__YOUR OBJECTIVE__:
Print them exactly: the lines from the beginning of the entries below through the line that contains "#50=DIRECTION('',(0.,0.,-1.));", and only those, with the pictures left out.

· · · ·

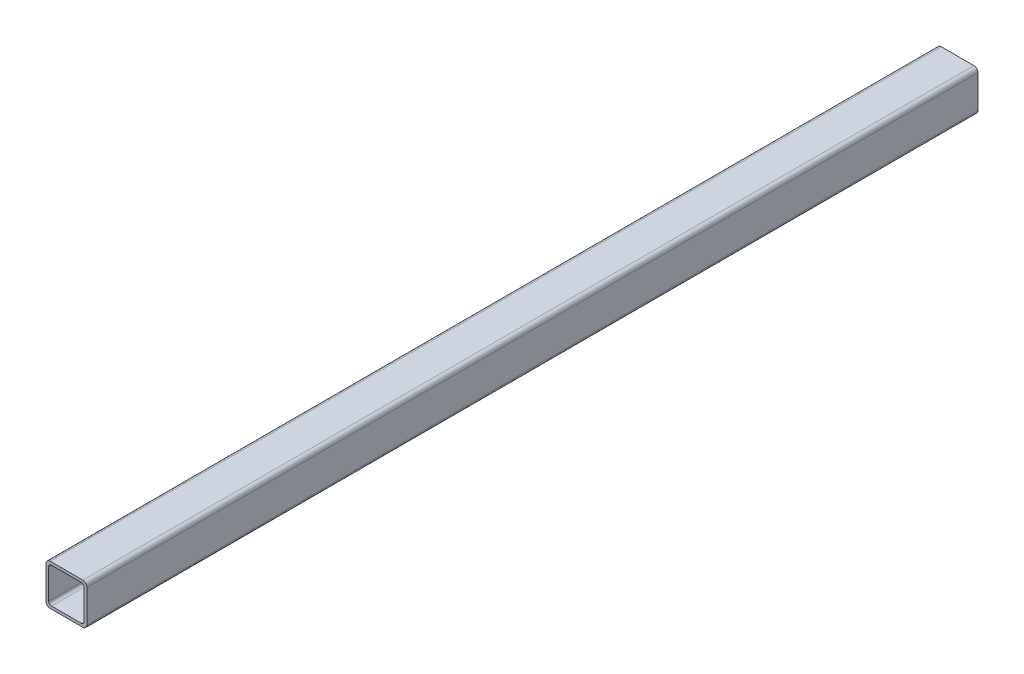
ISO-10303-21;
HEADER;
FILE_DESCRIPTION(('STEP AP214'),'2;1');
FILE_NAME('part.step','',(''),(''),'','','');
FILE_SCHEMA(('AUTOMOTIVE_DESIGN { 1 0 10303 214 1 1 1 1 }'));
ENDSEC;
DATA;
#1=APPLICATION_CONTEXT('core data for automotive mechanical design processes');
#2=APPLICATION_PROTOCOL_DEFINITION('international standard','automotive_design',2000,#1);
#3=PRODUCT_CONTEXT('',#1,'mechanical');
#4=PRODUCT('Part','Part','',(#3));
#5=PRODUCT_RELATED_PRODUCT_CATEGORY('part','',(#4));
#6=PRODUCT_DEFINITION_FORMATION('','',#4);
#7=PRODUCT_DEFINITION_CONTEXT('part definition',#1,'design');
#8=PRODUCT_DEFINITION('design','',#6,#7);
#9=PRODUCT_DEFINITION_SHAPE('','',#8);
#10=(LENGTH_UNIT() NAMED_UNIT(*) SI_UNIT(.MILLI.,.METRE.));
#11=(NAMED_UNIT(*) PLANE_ANGLE_UNIT() SI_UNIT($,.RADIAN.));
#12=(NAMED_UNIT(*) SI_UNIT($,.STERADIAN.) SOLID_ANGLE_UNIT());
#13=UNCERTAINTY_MEASURE_WITH_UNIT(LENGTH_MEASURE(1.E-05),#10,'distance_accuracy_value','');
#14=(GEOMETRIC_REPRESENTATION_CONTEXT(3) GLOBAL_UNCERTAINTY_ASSIGNED_CONTEXT((#13)) GLOBAL_UNIT_ASSIGNED_CONTEXT((#10,
#11,#12)) REPRESENTATION_CONTEXT('',''));
#15=CARTESIAN_POINT('',(0.,0.,0.));
#16=DIRECTION('',(0.,0.,1.));
#17=DIRECTION('',(1.,0.,0.));
#18=AXIS2_PLACEMENT_3D('',#15,#16,#17);
#19=CARTESIAN_POINT('',(-15.,27.,375.426406871193));
#20=DIRECTION('',(1.,0.,0.));
#21=DIRECTION('',(0.,0.,-1.));
#22=AXIS2_PLACEMENT_3D('',#19,#20,#21);
#23=PLANE('',#22);
#24=DIRECTION('',(0.,-1.,0.));
#25=VECTOR('',#24,1.);
#26=CARTESIAN_POINT('',(-15.,27.,327.));
#27=LINE('',#26,#25);
#28=CARTESIAN_POINT('',(-15.,27.,327.));
#29=VERTEX_POINT('',#28);
#30=CARTESIAN_POINT('',(-15.,3.,327.));
#31=VERTEX_POINT('',#30);
#32=EDGE_CURVE('E200',#29,#31,#27,.T.);
#33=ORIENTED_EDGE('',*,*,#32,.F.);
#34=DIRECTION('',(0.,0.,-1.));
#35=VECTOR('',#34,1.);
#36=CARTESIAN_POINT('',(-15.,27.,375.426406871193));
#37=LINE('',#36,#35);
#38=CARTESIAN_POINT('',(-15.,27.,-327.));
#39=VERTEX_POINT('',#38);
#40=EDGE_CURVE('E53',#29,#39,#37,.T.);
#41=ORIENTED_EDGE('',*,*,#40,.T.);
#42=DIRECTION('',(0.,-1.,0.));
#43=VECTOR('',#42,1.);
#44=CARTESIAN_POINT('',(-15.,27.,-327.));
#45=LINE('',#44,#43);
#46=CARTESIAN_POINT('',(-15.,3.,-327.));
#47=VERTEX_POINT('',#46);
#48=EDGE_CURVE('E276',#39,#47,#45,.T.);
#49=ORIENTED_EDGE('',*,*,#48,.T.);
#50=DIRECTION('',(0.,0.,-1.));
#51=VECTOR('',#50,1.);
#52=CARTESIAN_POINT('',(-15.,3.,375.426406871193));
#53=LINE('',#52,#51);
#54=EDGE_CURVE('E236',#31,#47,#53,.T.);
#55=ORIENTED_EDGE('',*,*,#54,.F.);
#56=EDGE_LOOP('',(#33,#41,#49,#55));
#57=FACE_BOUND('',#56,.T.);
#58=ADVANCED_FACE('F38',(#57),#23,.F.);
#59=CARTESIAN_POINT('',(-12.,27.,375.426406871193));
#60=DIRECTION('',(0.,0.,-1.));
#61=DIRECTION('',(-1.,0.,0.));
#62=AXIS2_PLACEMENT_3D('',#59,#60,#61);
#63=CYLINDRICAL_SURFACE('',#62,3.);
#64=CARTESIAN_POINT('',(-12.,27.,327.));
#65=DIRECTION('',(0.,0.,1.));
#66=DIRECTION('',(0.,-1.,0.));
#67=AXIS2_PLACEMENT_3D('',#64,#65,#66);
#68=CIRCLE('',#67,3.);
#69=CARTESIAN_POINT('',(-12.,30.,327.));
#70=VERTEX_POINT('',#69);
#71=EDGE_CURVE('E203',#70,#29,#68,.T.);
#72=ORIENTED_EDGE('',*,*,#71,.F.);
#73=DIRECTION('',(0.,0.,-1.));
#74=VECTOR('',#73,1.);
#75=CARTESIAN_POINT('',(-12.,30.,375.426406871193));
#76=LINE('',#75,#74);
#77=CARTESIAN_POINT('',(-12.,30.,-327.));
#78=VERTEX_POINT('',#77);
#79=EDGE_CURVE('E239',#70,#78,#76,.T.);
#80=ORIENTED_EDGE('',*,*,#79,.T.);
#81=CARTESIAN_POINT('',(-12.,27.,-327.));
#82=DIRECTION('',(0.,0.,1.));
#83=DIRECTION('',(0.,-1.,0.));
#84=AXIS2_PLACEMENT_3D('',#81,#82,#83);
#85=CIRCLE('',#84,3.);
#86=EDGE_CURVE('E274',#78,#39,#85,.T.);
#87=ORIENTED_EDGE('',*,*,#86,.T.);
#88=ORIENTED_EDGE('',*,*,#40,.F.);
#89=EDGE_LOOP('',(#72,#80,#87,#88));
#90=FACE_BOUND('',#89,.T.);
#91=ADVANCED_FACE('F324',(#90),#63,.T.);
#92=CARTESIAN_POINT('',(-12.,30.,375.426406871193));
#93=DIRECTION('',(0.,-1.,0.));
#94=DIRECTION('',(0.,0.,-1.));
#95=AXIS2_PLACEMENT_3D('',#92,#93,#94);
#96=PLANE('',#95);
#97=DIRECTION('',(-1.,0.,0.));
#98=VECTOR('',#97,1.);
#99=CARTESIAN_POINT('',(-12.,30.,327.));
#100=LINE('',#99,#98);
#101=CARTESIAN_POINT('',(12.,30.,327.));
#102=VERTEX_POINT('',#101);
#103=EDGE_CURVE('E206',#102,#70,#100,.T.);
#104=ORIENTED_EDGE('',*,*,#103,.F.);
#105=DIRECTION('',(0.,0.,-1.));
#106=VECTOR('',#105,1.);
#107=CARTESIAN_POINT('',(12.,30.,375.426406871193));
#108=LINE('',#107,#106);
#109=CARTESIAN_POINT('',(12.,30.,-327.));
#110=VERTEX_POINT('',#109);
#111=EDGE_CURVE('E241',#102,#110,#108,.T.);
#112=ORIENTED_EDGE('',*,*,#111,.T.);
#113=DIRECTION('',(-1.,0.,0.));
#114=VECTOR('',#113,1.);
#115=CARTESIAN_POINT('',(-12.,30.,-327.));
#116=LINE('',#115,#114);
#117=EDGE_CURVE('E271',#110,#78,#116,.T.);
#118=ORIENTED_EDGE('',*,*,#117,.T.);
#119=ORIENTED_EDGE('',*,*,#79,.F.);
#120=EDGE_LOOP('',(#104,#112,#118,#119));
#121=FACE_BOUND('',#120,.T.);
#122=ADVANCED_FACE('F329',(#121),#96,.F.);
#123=CARTESIAN_POINT('',(12.,27.,375.426406871193));
#124=DIRECTION('',(0.,0.,-1.));
#125=DIRECTION('',(-1.,0.,0.));
#126=AXIS2_PLACEMENT_3D('',#123,#124,#125);
#127=CYLINDRICAL_SURFACE('',#126,3.);
#128=CARTESIAN_POINT('',(12.,27.,327.));
#129=DIRECTION('',(0.,0.,1.));
#130=DIRECTION('',(0.,-1.,0.));
#131=AXIS2_PLACEMENT_3D('',#128,#129,#130);
#132=CIRCLE('',#131,3.);
#133=CARTESIAN_POINT('',(15.,27.,327.));
#134=VERTEX_POINT('',#133);
#135=EDGE_CURVE('E209',#134,#102,#132,.T.);
#136=ORIENTED_EDGE('',*,*,#135,.F.);
#137=DIRECTION('',(0.,0.,-1.));
#138=VECTOR('',#137,1.);
#139=CARTESIAN_POINT('',(15.,27.,375.426406871193));
#140=LINE('',#139,#138);
#141=CARTESIAN_POINT('',(15.,27.,-327.));
#142=VERTEX_POINT('',#141);
#143=EDGE_CURVE('E243',#134,#142,#140,.T.);
#144=ORIENTED_EDGE('',*,*,#143,.T.);
#145=CARTESIAN_POINT('',(12.,27.,-327.));
#146=DIRECTION('',(0.,0.,1.));
#147=DIRECTION('',(0.,-1.,0.));
#148=AXIS2_PLACEMENT_3D('',#145,#146,#147);
#149=CIRCLE('',#148,3.);
#150=EDGE_CURVE('E268',#142,#110,#149,.T.);
#151=ORIENTED_EDGE('',*,*,#150,.T.);
#152=ORIENTED_EDGE('',*,*,#111,.F.);
#153=EDGE_LOOP('',(#136,#144,#151,#152));
#154=FACE_BOUND('',#153,.T.);
#155=ADVANCED_FACE('F334',(#154),#127,.T.);
#156=CARTESIAN_POINT('',(15.,27.,375.426406871193));
#157=DIRECTION('',(-1.,0.,0.));
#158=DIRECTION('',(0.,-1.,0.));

· · · ·

__RESPONSE TO THIS TASK__:
ISO-10303-21;
HEADER;
FILE_DESCRIPTION(('STEP AP214'),'2;1');
FILE_NAME('part.step','',(''),(''),'','','');
FILE_SCHEMA(('AUTOMOTIVE_DESIGN { 1 0 10303 214 1 1 1 1 }'));
ENDSEC;
DATA;
#1=APPLICATION_CONTEXT('core data for automotive mechanical design processes');
#2=APPLICATION_PROTOCOL_DEFINITION('international standard','automotive_design',2000,#1);
#3=PRODUCT_CONTEXT('',#1,'mechanical');
#4=PRODUCT('Part','Part','',(#3));
#5=PRODUCT_RELATED_PRODUCT_CATEGORY('part','',(#4));
#6=PRODUCT_DEFINITION_FORMATION('','',#4);
#7=PRODUCT_DEFINITION_CONTEXT('part definition',#1,'design');
#8=PRODUCT_DEFINITION('design','',#6,#7);
#9=PRODUCT_DEFINITION_SHAPE('','',#8);
#10=(LENGTH_UNIT() NAMED_UNIT(*) SI_UNIT(.MILLI.,.METRE.));
#11=(NAMED_UNIT(*) PLANE_ANGLE_UNIT() SI_UNIT($,.RADIAN.));
#12=(NAMED_UNIT(*) SI_UNIT($,.STERADIAN.) SOLID_ANGLE_UNIT());
#13=UNCERTAINTY_MEASURE_WITH_UNIT(LENGTH_MEASURE(1.E-05),#10,'distance_accuracy_value','');
#14=(GEOMETRIC_REPRESENTATION_CONTEXT(3) GLOBAL_UNCERTAINTY_ASSIGNED_CONTEXT((#13)) GLOBAL_UNIT_ASSIGNED_CONTEXT((#10,
#11,#12)) REPRESENTATION_CONTEXT('',''));
#15=CARTESIAN_POINT('',(0.,0.,0.));
#16=DIRECTION('',(0.,0.,1.));
#17=DIRECTION('',(1.,0.,0.));
#18=AXIS2_PLACEMENT_3D('',#15,#16,#17);
#19=CARTESIAN_POINT('',(-15.,27.,375.426406871193));
#20=DIRECTION('',(1.,0.,0.));
#21=DIRECTION('',(0.,0.,-1.));
#22=AXIS2_PLACEMENT_3D('',#19,#20,#21);
#23=PLANE('',#22);
#24=DIRECTION('',(0.,-1.,0.));
#25=VECTOR('',#24,1.);
#26=CARTESIAN_POINT('',(-15.,27.,327.));
#27=LINE('',#26,#25);
#28=CARTESIAN_POINT('',(-15.,27.,327.));
#29=VERTEX_POINT('',#28);
#30=CARTESIAN_POINT('',(-15.,3.,327.));
#31=VERTEX_POINT('',#30);
#32=EDGE_CURVE('E200',#29,#31,#27,.T.);
#33=ORIENTED_EDGE('',*,*,#32,.F.);
#34=DIRECTION('',(0.,0.,-1.));
#35=VECTOR('',#34,1.);
#36=CARTESIAN_POINT('',(-15.,27.,375.426406871193));
#37=LINE('',#36,#35);
#38=CARTESIAN_POINT('',(-15.,27.,-327.));
#39=VERTEX_POINT('',#38);
#40=EDGE_CURVE('E53',#29,#39,#37,.T.);
#41=ORIENTED_EDGE('',*,*,#40,.T.);
#42=DIRECTION('',(0.,-1.,0.));
#43=VECTOR('',#42,1.);
#44=CARTESIAN_POINT('',(-15.,27.,-327.));
#45=LINE('',#44,#43);
#46=CARTESIAN_POINT('',(-15.,3.,-327.));
#47=VERTEX_POINT('',#46);
#48=EDGE_CURVE('E276',#39,#47,#45,.T.);
#49=ORIENTED_EDGE('',*,*,#48,.T.);
#50=DIRECTION('',(0.,0.,-1.));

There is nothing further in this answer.